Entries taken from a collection
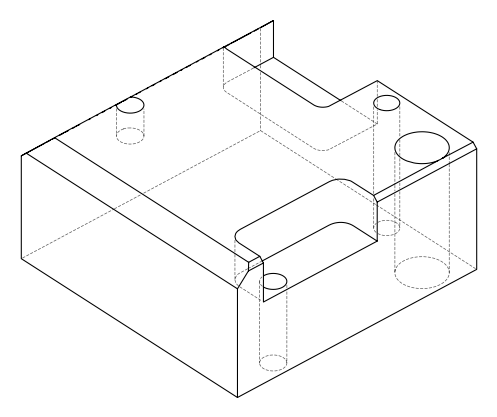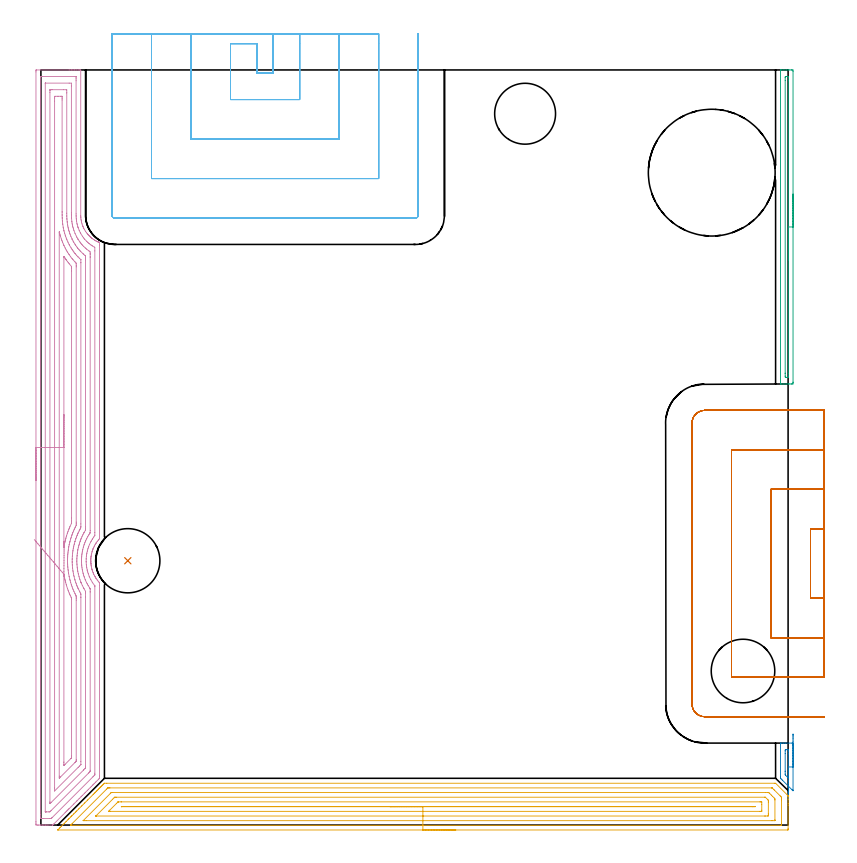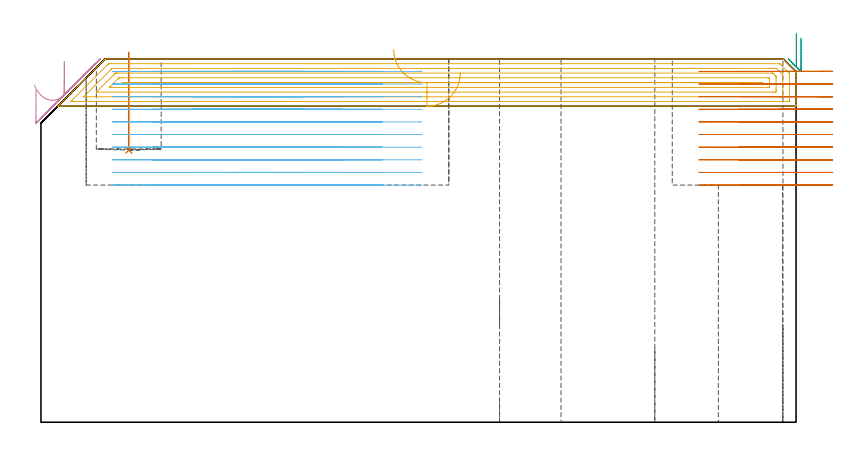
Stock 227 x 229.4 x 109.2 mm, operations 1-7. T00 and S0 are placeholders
(PLAN: 15 operations, 9 tool changes, 66.8 min)
(1 INDEXABLE_INSERT_DRILL_BLIND_HOLE_FROM_SOLID | STEP1POCKET | NXT0302_010 | 0.12 min | 8109 mm3)
(2 AREA_MILL | FG_CHAMFER_SURFACE | UGT0205_001 | 0.36 min | 143 mm3)
(3 AREA_MILL_1 | FG_CHAMFER_SURFACE_1 | UGT0205_001 | 1.68 min | 710 mm3)
(4 AREA_MILL_2 | FG_CHAMFER_SURFACE_2 | UGT0205_001 | 12.25 min | 42702 mm3)
(5 AREA_MILL_3 | FG_CHAMFER_SURFACE_3 | UGT0205_001 | 10.45 min | 21383 mm3)
(6 MILL_SLOT | SLOT_PARTIAL_RECTANGULAR | NXT0201_012 | Follow Part, ap 4, ae 75% | 18.61 min | 216909 mm3)
(7 MILL_SLOT_1 | SLOT_PARTIAL_RECTANGULAR_1 | NXT0201_012 | Follow Part, ap 4, ae 75% | 15.44 min | 151496 mm3)
(8 MILL_THROUGH_HOLE_FROM_SOLID_MATERIAL | STEP1HOLE_1 | UGT0201_018 | Circular | 6.11 min | 127127 mm3)
(9 SPOT_DRILL | STEP1HOLE | NXT0321_9005460120000 | 0.05 min | 190 mm3)
(10 SPOT_DRILL_1 | STEP1HOLE_2 | NXT0321_9005460120000 | 0.06 min | 174 mm3)
(11 DRILL_BLIND_HOLE_INTO_CENTER | STEP1HOLE | NXT0301_042 | 0.05 min | 311 mm3)
(12 GUN_DRILL_THROUGH_HOLE | STEP1HOLE | UGT0307_003 | 0.54 min | 3804 mm3)
(13 SPADE_DRILL_TO_ENLARGE_THROUGH_HOLE | STEP1HOLE | UGT0306_009 | 0.47 min | 25028 mm3)
(14 DRILL_THROUGH_HOLE_INTO_CENTER | STEP1HOLE_2 | NXT0301_065 | 0.32 min | 4817 mm3)
(15 DRILL_TO_ENLARGE_THROUGH_HOLE | STEP1HOLE_2 | UGT0301_260 | 0.33 min | 15853 mm3)
(TOOL NXT0302_010 | Index. Insert Drill 19.5mm [880-D1950L25-05] | D19.5 PA176 FL98 Z2)
(TOOL UGT0205_001 | Chamfer Mill 20 x 3 x 45 deg. | D20 FL50 Z2)
(TOOL NXT0201_012 | ENDMILL 16mm [2P460-1600-NA 1630] | D16 FL38 Z6)
(TOOL UGT0201_018 | End mill 30 mm | D30 FL50 Z4)
(TOOL NXT0321_9005460120000 | NC Spot Drill, 142deg, 12mm, Carbide, Uncoated | D12 PA142 FL30 Z2)
(TOOL NXT0301_042 | Carbide Drill 7.1mm [860.1-0710-057A1-MM 2214] | D7.1 PA140 FL85 Z2)
(TOOL UGT0307_003 | Gun Drill 7 mm | D7 PA130 FL24 Z1)
(TOOL UGT0306_009 | Spade Drill 18.5mm | D18.5 PA132 FL10 Z2)
(TOOL NXT0301_065 | Carbide Drill 9.4mm [860.1-0940-075A1-MM 2214] | D9.4 PA140 FL98 Z2)
(TOOL UGT0301_260 | Twist Drill 19.3 mm | D19.3 PA118 FL140 Z2)
(OP 1 INDEXABLE_INSERT_DRILL_BLIND_HOLE_FROM_SOLID)
G17 G21 G94 G90
T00 M6
G54
G17 G0 G90 X26.4 Y80.3 S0 M3
G43 Z119.2 H1
G94 G81 G98 Z81.8 F250. R111.2
G80
M5
M2
(OP 2 AREA_MILL)
G17 G21 G94 G90
T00 M6
G54
G17 G0 G90 X228.5 Y27.65 S1061 M3
G43 Z119.2 H0
Z115.4
G94 G1 Y27.612 Z114.528 F250.
Y27.498 Z113.664
Y27.309 Z112.812
Y27.047 Z111.98
Y26.713 Z111.174
Y26.31 Z110.4
Y25.841 Z109.664
Y25.31 Z108.972
Y24.721 Z108.329
Y24.078 Z107.74
Y23.386 Z107.208
Y22.65 Z106.74
Y21.876 Z106.337
Y21.07 Z106.003
Y20.238 Z105.741
Y19.386 Z105.552
Y18.522 Z105.438
Y17.65 Z105.4
Y10.637
X228.498 Y10.518 Z105.402
X228.492 Y10.416 Z105.406
X228.379 Y10.522 Z105.518
X228.223 Y10.677 Z105.676
X225.231 Y13.669 Z108.668
X224.849 Y14.051 Z109.048
X224.705 Y14.196 Z109.19
X224.7 Y14.534 Z109.2
Y24.771
X224.703 Y24.89 Z109.188
X224.733 Y24.894 Z109.158
X225.027 Y24.9 Z108.872
X225.641 Z108.257
X226.155 Z107.74
X228.191 Z105.706
X228.491 Y24.898 Z105.405
X228.5 Y24.488 Z105.4
Y17.65
X227.086 Z106.814
X227.085 Y14.494 Z106.815
X227.084 Y14.452 Z106.816
X227.079 Y14.371 Z106.821
X227.072 Y14.289 Z106.828
X227.045 Y14.313 Z106.855
X226.819 Y14.534 Z107.081
X226.155 Y15.207 Z107.745
X226.121 Y15.425 Z107.779
X226.118 Y15.461 Z107.782
X226.114 Y16.315 Z107.786
Y16.356
Y21.697
X226.117 Y22.546 Z107.783
X226.119 Y22.582 Z107.781
X226.155 Y22.89 Z107.745
X226.696 Y22.895 Z107.204
X227.045 Y22.89 Z106.855
X227.08 Y22.546 Z106.82
X227.083 Y22.508 Z106.817
X227.086 Y21.656 Z106.814
Y17.65
Y16.778 Z106.852
Y15.913 Z106.966
Y15.062 Z107.155
Y14.23 Z107.417
Y13.424 Z107.751
Y12.65 Z108.154
Y11.914 Z108.623
Y11.222 Z109.154
Y10.579 Z109.743
Y9.989 Z110.386
Y9.458 Z111.078
Y8.99 Z111.814
Y8.587 Z112.588
Y8.253 Z113.394
Y7.991 Z114.226
Y7.802 Z115.078
Y7.688 Z115.942
Y7.65 Z116.814
G0 Z119.2
M5
M2
(OP 3 AREA_MILL_1)
G17 G21 G94 G90
T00 M6
G54
G17 G0 G90 X228.5 Y191.7 S1061 M3
G43 Z119.2 H0
Z115.4
G94 G1 Y191.662 Z114.528 F250.
Y191.548 Z113.664
Y191.359 Z112.812
Y191.097 Z111.98
Y190.763 Z111.174
Y190.36 Z110.4
Y189.892 Z109.664
Y189.36 Z108.972
Y188.771 Z108.329
Y188.128 Z107.74
Y187.436 Z107.209
Y186.7 Z106.74
Y185.926 Z106.337
Y185.12 Z106.003
Y184.288 Z105.741
Y183.437 Z105.552
Y182.572 Z105.438
Y181.7 Z105.4
Y134.563
X228.498 Y134.4 Z105.402
X228.491 Y134.002 Z105.405
X228.17 Y134. Z105.728
X227.934 Z105.963
X227.28 Z106.617
X227.045 Z106.852
X226.573 Z107.326
X225.737 Z108.162
X225. Z108.899
X224.73 Y134.006 Z109.161
X224.703 Y134.01 Z109.188
X224.7 Y134.118 Z109.2
Y229.282
X224.703 Y229.39 Z109.189
X224.73 Y229.394 Z109.162
X224.999 Y229.4 Z108.899
X225.737 Z108.162
X226.574 Z107.326
X227.045 Z106.852
X227.28 Z106.617
X227.934 Z105.963
X228.17 Z105.728
X228.491 Y229.399 Z105.405
X228.5 Y228.999 Z105.4
Y181.7
X227.086 Z106.814
Y137.19
X227.082 Y136.341 Z106.818
X227.081 Y136.306 Z106.819
X227.045 Y136.01 Z106.855
X226.491 Y136.005 Z107.409
X226.155 Y136.01 Z107.745
X226.12 Y136.341 Z107.78
X226.117 Y136.379 Z107.783
X226.114 Y137.231 Z107.786
Y137.272
Y226.21
X226.118 Y227.059 Z107.782
X226.119 Y227.094 Z107.781
X226.155 Y227.39 Z107.745
X226.709 Y227.395 Z107.191
X227.045 Y227.39 Z106.855
X227.08 Y227.059 Z106.82
X227.083 Y227.021 Z106.817
X227.086 Y226.169 Z106.814
Y226.128
Y181.7
Y180.828 Z106.852
Y179.964 Z106.966
Y179.112 Z107.155
Y178.28 Z107.417
Y177.474 Z107.751
Y176.7 Z108.154
Y175.964 Z108.623
Y175.272 Z109.154
Y174.629 Z109.743
Y174.04 Z110.386
Y173.509 Z111.079
Y173.04 Z111.814
Y172.637 Z112.588
Y172.303 Z113.394
Y172.041 Z114.226
Y171.852 Z115.078
Y171.738 Z115.943
Y171.7 Z116.814
G0 Z119.2
M5
M2
(OP 4 AREA_MILL_2)
G17 G21 G94 G90
T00 M6
G54
G17 G0 G90 X-1.5 Y104.7 S1061 M3
G43 Z119.2 H0
Z99.9
G94 G1 Y104.738 Z99.028 F250.
Y104.852 Z98.163
Y105.041 Z97.312
Y105.303 Z96.48
Y105.637 Z95.674
Y106.04 Z94.9
Y106.508 Z94.164
Y107.04 Z93.472
Y107.629 Z92.829
Y108.272 Z92.24
Y108.964 Z91.708
Y109.7 Z91.24
Y110.474 Z90.837
Y111.28 Z90.503
Y112.112 Z90.241
Y112.963 Z90.052
Y113.828 Z89.938
Y114.7 Z89.9
Y228.808
X-1.495 Y229.28 Z89.903
X-1.491 Y229.39 Z89.906
X-1.377 Y229.4 Z90.02
X8.59 Z99.984
X9.181 Z100.578
X9.469 Z100.865
X10.06 Z101.456
X10.348 Z101.743
X10.924 Z102.323
X11.528 Z102.927
X11.816 Y229.399 Z103.21
X12.095 Y229.39 Z103.492
X12.1 Y229.254 Z103.5
X12.103 Y185.209 Z103.501
X12.112 Y184.872 Z103.509
X12.124 Y184.722 Z103.513
X12.128 Y184.657 Z103.519
X12.141 Y184.425 Z103.539
X12.19 Y183.978 Z103.59
X12.254 Y183.59 Z103.652
X12.304 Y183.343 Z103.701
X12.331 Y183.204 Z103.729
X12.362 Y183.084 Z103.76
X12.491 Y182.636 Z103.89
X12.639 Y182.191 Z104.038
X12.692 Y182.058 Z104.09
X12.713 Y182.006 Z104.11
X12.744 Y181.928 Z104.142
X12.818 Y181.741 Z104.215
X12.901 Y181.56 Z104.296
X13.019 Y181.297 Z104.418
X13.223 Y180.905 Z104.623
X13.531 Y180.403 Z104.93
X13.817 Y179.995 Z105.213
X14.069 Y179.66 Z105.468
X14.117 Y179.597 Z105.515
X14.157 Y179.55 Z105.554
X14.192 Y179.509 Z105.59
X14.218 Y179.48 Z105.617
X14.4 Y179.286 Z105.799
X14.45 Y179.232 Z105.847
X14.496 Y179.183 Z105.894
X14.593 Y179.079 Z105.992
X14.701 Y178.971 Z106.1
X14.744 Y178.93 Z106.14
X14.788 Y178.886 Z106.186
X14.988 Y178.687 Z106.387
X15.011 Y178.665 Z106.409
X15.037 Y178.642 Z106.433
X15.067 Y178.615 Z106.464
X15.099 Y178.589 Z106.497
X15.33 Y178.403 Z106.725
X15.466 Y178.292 Z106.863
X15.48 Y178.28 Z106.878
X15.903 Y177.963 Z107.302
X16.062 Y177.858 Z107.458
X16.266 Y177.721 Z107.663
X16.529 Y177.567 Z107.928
X16.664 Y177.494 Z108.064
X16.796 Y177.422 Z108.196
X17.24 Y177.206 Z108.639
X17.335 Y177.165 Z108.734
X17.381 Y177.145 Z108.778
X17.475 Y177.103 Z108.874
X17.692 Y177.008 Z109.088
X17.796 Y176.956 Z109.19
X17.8 Y176.211 Z109.2
Y87.064
X17.795 Y86.993 Z109.191
X17.622 Y86.781 Z109.021
X17.417 Y86.542 Z108.815
X17.088 Y86.118 Z108.486
X16.812 Y85.741 Z108.212
X16.797 Y85.719 Z108.196
X16.749 Y85.648 Z108.149
X16.53 Y85.281 Z107.928
X16.483 Y85.204 Z107.882
X16.234 Y84.754 Z107.632
X16.063 Y84.405 Z107.462
X16.042 Y84.358 Z107.441
X15.904 Y84.052 Z107.302
X15.862 Y83.944 Z107.259
X15.829 Y83.86 Z107.226
X15.791 Y83.755 Z107.188
X15.701 Y83.498 Z107.095
X15.67 Y83.415 Z107.067
X15.628 Y83.283 Z107.027
X15.623 Y83.267 Z107.022
X15.558 Y83.053 Z106.952
X15.53 Y82.966 Z106.925
X15.415 Y82.52 Z106.81
X15.319 Y82.072 Z106.717
X15.263 Y81.716 Z106.658
X15.248 Y81.626 Z106.644
X15.228 Y81.451 Z106.624
X15.195 Y81.178 Z106.594
X15.179 Y80.926 Z106.576
X15.173 Y80.824 Z106.567
X15.166 Y80.731 Z106.561
X15.153 Y80.336 Z106.55
X15.151 Y80.284 Z106.547
X15.154 Y80.22 Z106.545
X15.155 Y80.209 Z106.544
X15.16 Y80.167 Z106.545
X15.165 Y80.046 Z106.55
X15.167 Y79.933 Z106.557
X15.169 Y79.837 Z106.562
X15.184 Y79.595 Z106.582
X15.194 Y79.472 Z106.59
X15.199 Y79.39 Z106.597
X15.201 Y79.369 Z106.6
X15.241 Y79.041 Z106.637
X15.253 Y78.943 Z106.649
X15.297 Y78.668 Z106.695
X15.325 Y78.496 Z106.723
X15.421 Y78.048 Z106.82
X15.476 Y77.837 Z106.876
X15.54 Y77.603 Z106.934
X15.556 Y77.555 Z106.948
X15.59 Y77.44 Z106.988
X15.623 Y77.336 Z107.021
X15.648 Y77.258 Z107.044
X15.68 Y77.154 Z107.079
X15.841 Y76.709 Z107.239
X15.904 Y76.548 Z107.302
X15.987 Y76.367 Z107.383
X16.071 Y76.179 Z107.469
X16.25 Y75.815 Z107.649
X16.44 Y75.475 Z107.837
X16.502 Y75.365 Z107.898
X16.705 Y75.029 Z108.101
X16.771 Y74.921 Z108.167
X17.112 Y74.449 Z108.511
X17.253 Y74.268 Z108.652
X17.441 Y74.027 Z108.84
X17.563 Y73.882 Z108.962
X17.732 Y73.692 Z109.13
X17.794 Y73.619 Z109.192
X17.8 Y72.801 Z109.2
Y14.855
X17.799 Y14.205 Z109.186
X17.61 Y14.01 Z109.01
X16.674 Y13.072 Z108.071
X16.174 Y12.574 Z107.573
X15.916 Y12.314 Z107.312
X15.782 Y12.181 Z107.179
X15.319 Y11.719 Z106.719
X15.037 Y11.434 Z106.432
X14.45 Y10.85 Z105.85
X14.157 Y10.555 Z105.552
X13.552 Y9.952 Z104.952
X13.278 Y9.676 Z104.673
X12.561 Y8.961 Z103.961
X12.217 Y8.615 Z103.613
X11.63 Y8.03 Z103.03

→ **Instructions to follow**
From the entries above, print the lines beginning at the one with "Y8.587 Z112.588" and stopping after the one with "X227.083 Y227.021 Z106.817", exactly as written and with nothing else.

→ **Output below**
Y8.587 Z112.588
Y8.253 Z113.394
Y7.991 Z114.226
Y7.802 Z115.078
Y7.688 Z115.942
Y7.65 Z116.814
G0 Z119.2
M5
M2
(OP 3 AREA_MILL_1)
G17 G21 G94 G90
T00 M6
G54
G17 G0 G90 X228.5 Y191.7 S1061 M3
G43 Z119.2 H0
Z115.4
G94 G1 Y191.662 Z114.528 F250.
Y191.548 Z113.664
Y191.359 Z112.812
Y191.097 Z111.98
Y190.763 Z111.174
Y190.36 Z110.4
Y189.892 Z109.664
Y189.36 Z108.972
Y188.771 Z108.329
Y188.128 Z107.74
Y187.436 Z107.209
Y186.7 Z106.74
Y185.926 Z106.337
Y185.12 Z106.003
Y184.288 Z105.741
Y183.437 Z105.552
Y182.572 Z105.438
Y181.7 Z105.4
Y134.563
X228.498 Y134.4 Z105.402
X228.491 Y134.002 Z105.405
X228.17 Y134. Z105.728
X227.934 Z105.963
X227.28 Z106.617
X227.045 Z106.852
X226.573 Z107.326
X225.737 Z108.162
X225. Z108.899
X224.73 Y134.006 Z109.161
X224.703 Y134.01 Z109.188
X224.7 Y134.118 Z109.2
Y229.282
X224.703 Y229.39 Z109.189
X224.73 Y229.394 Z109.162
X224.999 Y229.4 Z108.899
X225.737 Z108.162
X226.574 Z107.326
X227.045 Z106.852
X227.28 Z106.617
X227.934 Z105.963
X228.17 Z105.728
X228.491 Y229.399 Z105.405
X228.5 Y228.999 Z105.4
Y181.7
X227.086 Z106.814
Y137.19
X227.082 Y136.341 Z106.818
X227.081 Y136.306 Z106.819
X227.045 Y136.01 Z106.855
X226.491 Y136.005 Z107.409
X226.155 Y136.01 Z107.745
X226.12 Y136.341 Z107.78
X226.117 Y136.379 Z107.783
X226.114 Y137.231 Z107.786
Y137.272
Y226.21
X226.118 Y227.059 Z107.782
X226.119 Y227.094 Z107.781
X226.155 Y227.39 Z107.745
X226.709 Y227.395 Z107.191
X227.045 Y227.39 Z106.855
X227.08 Y227.059 Z106.82
X227.083 Y227.021 Z106.817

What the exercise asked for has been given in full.